(Records for this task):
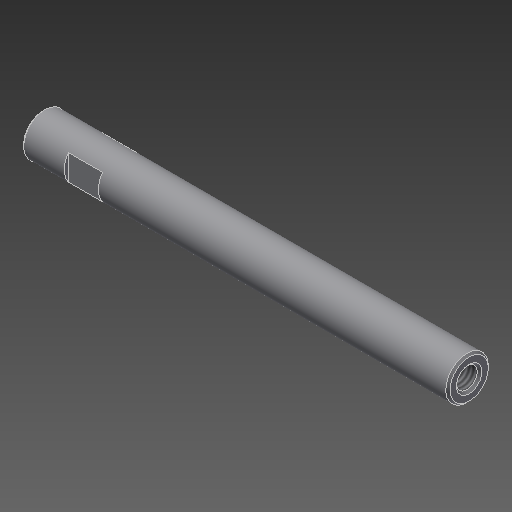
# Autodesk Inventor part: PSPWR10-100-M5-N6-SC10
Saved by Autodesk Inventor 2021.1 (Build 251245010, 245A)
## iProperties
Created: 2010-03-11
Part Number: PSPWR10-100-M5-N6-SC10
Catalog Web Link: www.cadenas.de
Document SubType Name: Modeling
Density: 1 g/cm^3
Material: MISUMI
Appearance: 既定
Category: PARTsolutions
NB: PSPWR10-100-M5-N6-SC10
NN: SPWR, SSPWR, RSPWR, PSPWR
NT: Precision Linear Shafts - Both Ends Female Thread Pipe Wrench Flat Type
NBSYN: $PN.
LINA: PSPWR10-100-M5-N6-SC10
PN: PSPWR10-100-M5-N6-SC10
TYPE: PSPWR
MAT: 0
MATALG: '0','SUJ2(52100 Bearing Steel)(1.3505_100Cr6)', '1','SUS440C(440C Stainless Steel)(1.4125_X105CrMo17)'
HT: Induction Hardening 58 HRC~
ST: 1
STALG: '0','-', '2' , 'Low Temperature Black Chrome Plating' , '1','Hard Chrome Plating >=5µ'
D: 10
ALT1ALG: '', 'w/o DKC (Outer Dia. Tolerance (High Precision Class))', '-DKC','with DKC (Outer Dia. Tolerance (High Precision Class))'
DTOL: -0.005/-0.014
M: 5
MALG: '5','5','6','6'
MMD: 5.000
MMIN: 4.134
N: 6
NALG: '5','5','6','6'
NMD: 6.000
NMIN: 4.917
L: 100.0
LMAX: 800.0
LMAX1: 800.0
LMAX2: 400.0
LMIN: 30.000
LMIN1: 30.000
LMIN2: 20.0
LTOL: 0
INCR: 1.0
C1: 0.5
SC: 10
SC1: [10:80/1]
SC2: 92
SC3: 10
SC4: 80
SC5: 92.000
W: 8
LL1: 8
DP: 9
PITCH: 1.000
L3: 100.000
L4: 0.000
LT: 100.0
LLM: 0.000
LLN: 0.000
LM: 10.000
LN: 12.000
LMIN3: 88.000
DD: 4
C: 0.5 or Less
THREAD: 1
MMD1: 10.000
NMD1: 12.000
TH: 0
TH1: 0
KT: DUMMY
PSOL_IDENT_0: {\\partserver002.servicenet\dplatte\cadenas\23d-libs\misumi_usa_inc\metric\precision_linear_shafts\s
PSOL_IDENT_1: pwr.prj},231 {VTYP=3D},{NB=PSPWR10-100-M5-N6-SC10},{LINA=PSPWR10-100-M5-N6-SC10},{NN=SPWR, SSPWR, RS
PSOL_IDENT_2: PWR, PSPWR},{DATE=13.10.2009 15:32:20},{GEOMDATE=17.08.2009 00:00:00},{VERSION=},{LINEID=110},{LINES
PSOL_IDENT_3: UBID=-1},{WBVAR=MAT,ST,ALT1,M,N,ALT2,L,SC}  {NB=PSPWR10-100-M5-N6-SC10},{LINA=PSPWR10-100-M5-N6-SC10
PSOL_IDENT_4: },{KT=DUMMY},{PN=PSPWR10-100-M5-N6-SC10},{TYPE=PSPWR},{MAT=0},{MATALG='0','SUJ2(52100 Bearing Steel)
PSOL_IDENT_5: (1.3505_100Cr6)', '1','SUS440C(440C Stainless Steel)(1.4125_X105CrMo17)'},{HT=Induction Hardening 58
PSOL_IDENT_6: HRC~},{ST=1},{STALG= '0','-', '2' , 'Low Temperature Black Chrome Plating' , '1','Hard Chrome Plati
PSOL_IDENT_7: ng >=5µ' },{D=10},{ALT1=},{ALT1ALG='', 'w/o DKC (Outer Dia. Tolerance (High Precision Class))', '-DK
PSOL_IDENT_8: C','with DKC (Outer Dia. Tolerance (High Precision Class))'},{DTOL=-0.005/-0.014},{M=5},{MALG='5','5
PSOL_IDENT_9: ','6','6'},{MMD=5},{MMIN=4.134},{N=6},{NALG='5','5','6','6'},{NMD=6},{NMIN=4.917},{ALT2=},{L=100.0},
PSOL_IDENT_10: {LMAX=800.0},{LMAX1=800.0},{LMAX2=400.0},{LMIN=30},{LMIN1=30},{LMIN2=20.0},{LTOL=0},{INCR=1.0},{C1=0
PSOL_IDENT_11: .5},{SC=10},{SC1=[10:80/1]},{SC2=92},{SC3=10},{SC4=80},{SC5=92},{W=8},{LL1=8},{DP=9},{PITCH=1},{L3=1
PSOL_IDENT_12: 00},{L4=0},{LT=100.0},{LLM=0},{LLN=0},{LM=10},{LN=12},{LMIN3=88},{DD=4},{C=0.5 or Less},{THREAD=1},{
PSOL_IDENT_13: MMD1=10},{NMD1=12},{TH=0},{TH1=0}
Title: シャフト
Comments: Precision Linear Shafts - Both Ends Female Thread Pipe Wrench Flat Type
Autodesk Inventor part; units mm, degrees
ref_plane "YZ Plane" through (0, 0, 0) normal (1, 0, 0) x (0, 1, 0)
ref_plane "XZ Plane" through (0, 0, 0) normal (0, 1, 0) x (-1, 0, 0)
ref_plane "XY Plane" through (0, 0, 0) normal (0, 0, 1) x (1, 0, 0)
sketch "Sketch_1" plane through (0, 0, 0) normal (0, 0, 1) x (1, 0, 0)
  line L0 (100, 0) -> (0, 0)
  line L1 (0, 4.5) -> (0, 2)
  line L2 (0, 2) -> (100, 2)
  line L3 (100, 2) -> (100, 4.5)
  line L4 (100, 4.5) -> (99.5, 5)
  line L5 (99.5, 5) -> (0.5, 5)
  line L6 (0.5, 5) -> (0, 4.5)
  constraints: 14 end point
revolve "Revolution1" add sketch "Sketch_1" angle 360 about axis through (100, 0, 0) along (1, 0, 0)
sketch "Sketch_6" plane through (0, 0, 0) normal (0, 0, 1) x (1, 0, 0)
  line L0 (12.5, 0) -> (0, 0)
  line L1 (0, 0) -> (0, 2.5)
  line L2 (0, 2.5) -> (0.433, 2.067)
  line L3 (0.433, 2.067) -> (11.3066, 2.067)
  line L4 (11.3066, 2.067) -> (12.5, 0)
  line L5 (12.5, 0) -> (0, 0)
  constraints: 12 end point
revolve "Revolution2" cut sketch "Sketch_6" angle 360 about axis through (12.5, 0, 0) along (1, 0, 0)
thread "Thread1" size "M5x0.8" class "6H" standard "ISO Metric profile" length 10 offset 1.3066
sketch "Sketch_7" plane through (0, 0, 0) normal (0, 0, 1) x (1, 0, 0)
  line L0 (100, 0) -> (85, 0)
  line L1 (85, 0) -> (86.4194, 2.4585)
  line L2 (86.4194, 2.4585) -> (99.4585, 2.4585)
  line L3 (99.4585, 2.4585) -> (100, 3)
  line L4 (100, 3) -> (100, 0)
  line L5 (100, 0) -> (85, 0)
  constraints: 12 end point
revolve "Revolution3" cut sketch "Sketch_7" angle 360 about axis through (100, 0, 0) along (1, 0, 0)
thread "Thread2" size "M6x1" class "6H" standard "ISO Metric profile" length 12 offset 1.5806
sketch "Sketch_2" plane through (10, 0, 0) normal (1, 0, 0) x (0, 0, -1)
  line L0 (-6, 7) -> (-6, -5)
  line L1 (-6, -5) -> (-4, -5)
  line L2 (-4, -5) -> (-4, 6)
  line L3 (-4, 6) -> (4, 6)
  line L4 (4, 6) -> (4, -5)
  line L5 (4, -5) -> (6, -5)
  line L6 (6, -5) -> (6, 7)
  line L7 (6, 7) -> (-6, 7)
  constraints: 16 end point
extrude "Extrusion1" cut sketch "Sketch_2" along normal blind 8

(Task): Print out the material verbatim, skipping pictures.

(Worked solution):
# Autodesk Inventor part: PSPWR10-100-M5-N6-SC10
Saved by Autodesk Inventor 2021.1 (Build 251245010, 245A)
## iProperties
Created: 2010-03-11
Part Number: PSPWR10-100-M5-N6-SC10
Catalog Web Link: www.cadenas.de
Document SubType Name: Modeling
Density: 1 g/cm^3
Material: MISUMI
Appearance: 既定
Category: PARTsolutions
NB: PSPWR10-100-M5-N6-SC10
NN: SPWR, SSPWR, RSPWR, PSPWR
NT: Precision Linear Shafts - Both Ends Female Thread Pipe Wrench Flat Type
NBSYN: $PN.
LINA: PSPWR10-100-M5-N6-SC10
PN: PSPWR10-100-M5-N6-SC10
TYPE: PSPWR
MAT: 0
MATALG: '0','SUJ2(52100 Bearing Steel)(1.3505_100Cr6)', '1','SUS440C(440C Stainless Steel)(1.4125_X105CrMo17)'
HT: Induction Hardening 58 HRC~
ST: 1
STALG: '0','-', '2' , 'Low Temperature Black Chrome Plating' , '1','Hard Chrome Plating >=5µ'
D: 10
ALT1ALG: '', 'w/o DKC (Outer Dia. Tolerance (High Precision Class))', '-DKC','with DKC (Outer Dia. Tolerance (High Precision Class))'
DTOL: -0.005/-0.014
M: 5
MALG: '5','5','6','6'
MMD: 5.000
MMIN: 4.134
N: 6
NALG: '5','5','6','6'
NMD: 6.000
NMIN: 4.917
L: 100.0
LMAX: 800.0
LMAX1: 800.0
LMAX2: 400.0
LMIN: 30.000
LMIN1: 30.000
LMIN2: 20.0
LTOL: 0
INCR: 1.0
C1: 0.5
SC: 10
SC1: [10:80/1]
SC2: 92
SC3: 10
SC4: 80
SC5: 92.000
W: 8
LL1: 8
DP: 9
PITCH: 1.000
L3: 100.000
L4: 0.000
LT: 100.0
LLM: 0.000
LLN: 0.000
LM: 10.000
LN: 12.000
LMIN3: 88.000
DD: 4
C: 0.5 or Less
THREAD: 1
MMD1: 10.000
NMD1: 12.000
TH: 0
TH1: 0
KT: DUMMY
PSOL_IDENT_0: {\\partserver002.servicenet\dplatte\cadenas\23d-libs\misumi_usa_inc\metric\precision_linear_shafts\s
PSOL_IDENT_1: pwr.prj},231 {VTYP=3D},{NB=PSPWR10-100-M5-N6-SC10},{LINA=PSPWR10-100-M5-N6-SC10},{NN=SPWR, SSPWR, RS
PSOL_IDENT_2: PWR, PSPWR},{DATE=13.10.2009 15:32:20},{GEOMDATE=17.08.2009 00:00:00},{VERSION=},{LINEID=110},{LINES
PSOL_IDENT_3: UBID=-1},{WBVAR=MAT,ST,ALT1,M,N,ALT2,L,SC}  {NB=PSPWR10-100-M5-N6-SC10},{LINA=PSPWR10-100-M5-N6-SC10
PSOL_IDENT_4: },{KT=DUMMY},{PN=PSPWR10-100-M5-N6-SC10},{TYPE=PSPWR},{MAT=0},{MATALG='0','SUJ2(52100 Bearing Steel)
PSOL_IDENT_5: (1.3505_100Cr6)', '1','SUS440C(440C Stainless Steel)(1.4125_X105CrMo17)'},{HT=Induction Hardening 58
PSOL_IDENT_6: HRC~},{ST=1},{STALG= '0','-', '2' , 'Low Temperature Black Chrome Plating' , '1','Hard Chrome Plati
PSOL_IDENT_7: ng >=5µ' },{D=10},{ALT1=},{ALT1ALG='', 'w/o DKC (Outer Dia. Tolerance (High Precision Class))', '-DK
PSOL_IDENT_8: C','with DKC (Outer Dia. Tolerance (High Precision Class))'},{DTOL=-0.005/-0.014},{M=5},{MALG='5','5
PSOL_IDENT_9: ','6','6'},{MMD=5},{MMIN=4.134},{N=6},{NALG='5','5','6','6'},{NMD=6},{NMIN=4.917},{ALT2=},{L=100.0},
PSOL_IDENT_10: {LMAX=800.0},{LMAX1=800.0},{LMAX2=400.0},{LMIN=30},{LMIN1=30},{LMIN2=20.0},{LTOL=0},{INCR=1.0},{C1=0
PSOL_IDENT_11: .5},{SC=10},{SC1=[10:80/1]},{SC2=92},{SC3=10},{SC4=80},{SC5=92},{W=8},{LL1=8},{DP=9},{PITCH=1},{L3=1
PSOL_IDENT_12: 00},{L4=0},{LT=100.0},{LLM=0},{LLN=0},{LM=10},{LN=12},{LMIN3=88},{DD=4},{C=0.5 or Less},{THREAD=1},{
PSOL_IDENT_13: MMD1=10},{NMD1=12},{TH=0},{TH1=0}
Title: シャフト
Comments: Precision Linear Shafts - Both Ends Female Thread Pipe Wrench Flat Type
Autodesk Inventor part; units mm, degrees
ref_plane "YZ Plane" through (0, 0, 0) normal (1, 0, 0) x (0, 1, 0)
ref_plane "XZ Plane" through (0, 0, 0) normal (0, 1, 0) x (-1, 0, 0)
ref_plane "XY Plane" through (0, 0, 0) normal (0, 0, 1) x (1, 0, 0)
sketch "Sketch_1" plane through (0, 0, 0) normal (0, 0, 1) x (1, 0, 0)
  line L0 (100, 0) -> (0, 0)
  line L1 (0, 4.5) -> (0, 2)
  line L2 (0, 2) -> (100, 2)
  line L3 (100, 2) -> (100, 4.5)
  line L4 (100, 4.5) -> (99.5, 5)
  line L5 (99.5, 5) -> (0.5, 5)
  line L6 (0.5, 5) -> (0, 4.5)
  constraints: 14 end point
revolve "Revolution1" add sketch "Sketch_1" angle 360 about axis through (100, 0, 0) along (1, 0, 0)
sketch "Sketch_6" plane through (0, 0, 0) normal (0, 0, 1) x (1, 0, 0)
  line L0 (12.5, 0) -> (0, 0)
  line L1 (0, 0) -> (0, 2.5)
  line L2 (0, 2.5) -> (0.433, 2.067)
  line L3 (0.433, 2.067) -> (11.3066, 2.067)
  line L4 (11.3066, 2.067) -> (12.5, 0)
  line L5 (12.5, 0) -> (0, 0)
  constraints: 12 end point
revolve "Revolution2" cut sketch "Sketch_6" angle 360 about axis through (12.5, 0, 0) along (1, 0, 0)
thread "Thread1" size "M5x0.8" class "6H" standard "ISO Metric profile" length 10 offset 1.3066
sketch "Sketch_7" plane through (0, 0, 0) normal (0, 0, 1) x (1, 0, 0)
  line L0 (100, 0) -> (85, 0)
  line L1 (85, 0) -> (86.4194, 2.4585)
  line L2 (86.4194, 2.4585) -> (99.4585, 2.4585)
  line L3 (99.4585, 2.4585) -> (100, 3)
  line L4 (100, 3) -> (100, 0)
  line L5 (100, 0) -> (85, 0)
  constraints: 12 end point
revolve "Revolution3" cut sketch "Sketch_7" angle 360 about axis through (100, 0, 0) along (1, 0, 0)
thread "Thread2" size "M6x1" class "6H" standard "ISO Metric profile" length 12 offset 1.5806
sketch "Sketch_2" plane through (10, 0, 0) normal (1, 0, 0) x (0, 0, -1)
  line L0 (-6, 7) -> (-6, -5)
  line L1 (-6, -5) -> (-4, -5)
  line L2 (-4, -5) -> (-4, 6)
  line L3 (-4, 6) -> (4, 6)
  line L4 (4, 6) -> (4, -5)
  line L5 (4, -5) -> (6, -5)
  line L6 (6, -5) -> (6, 7)
  line L7 (6, 7) -> (-6, 7)
  constraints: 16 end point
extrude "Extrusion1" cut sketch "Sketch_2" along normal blind 8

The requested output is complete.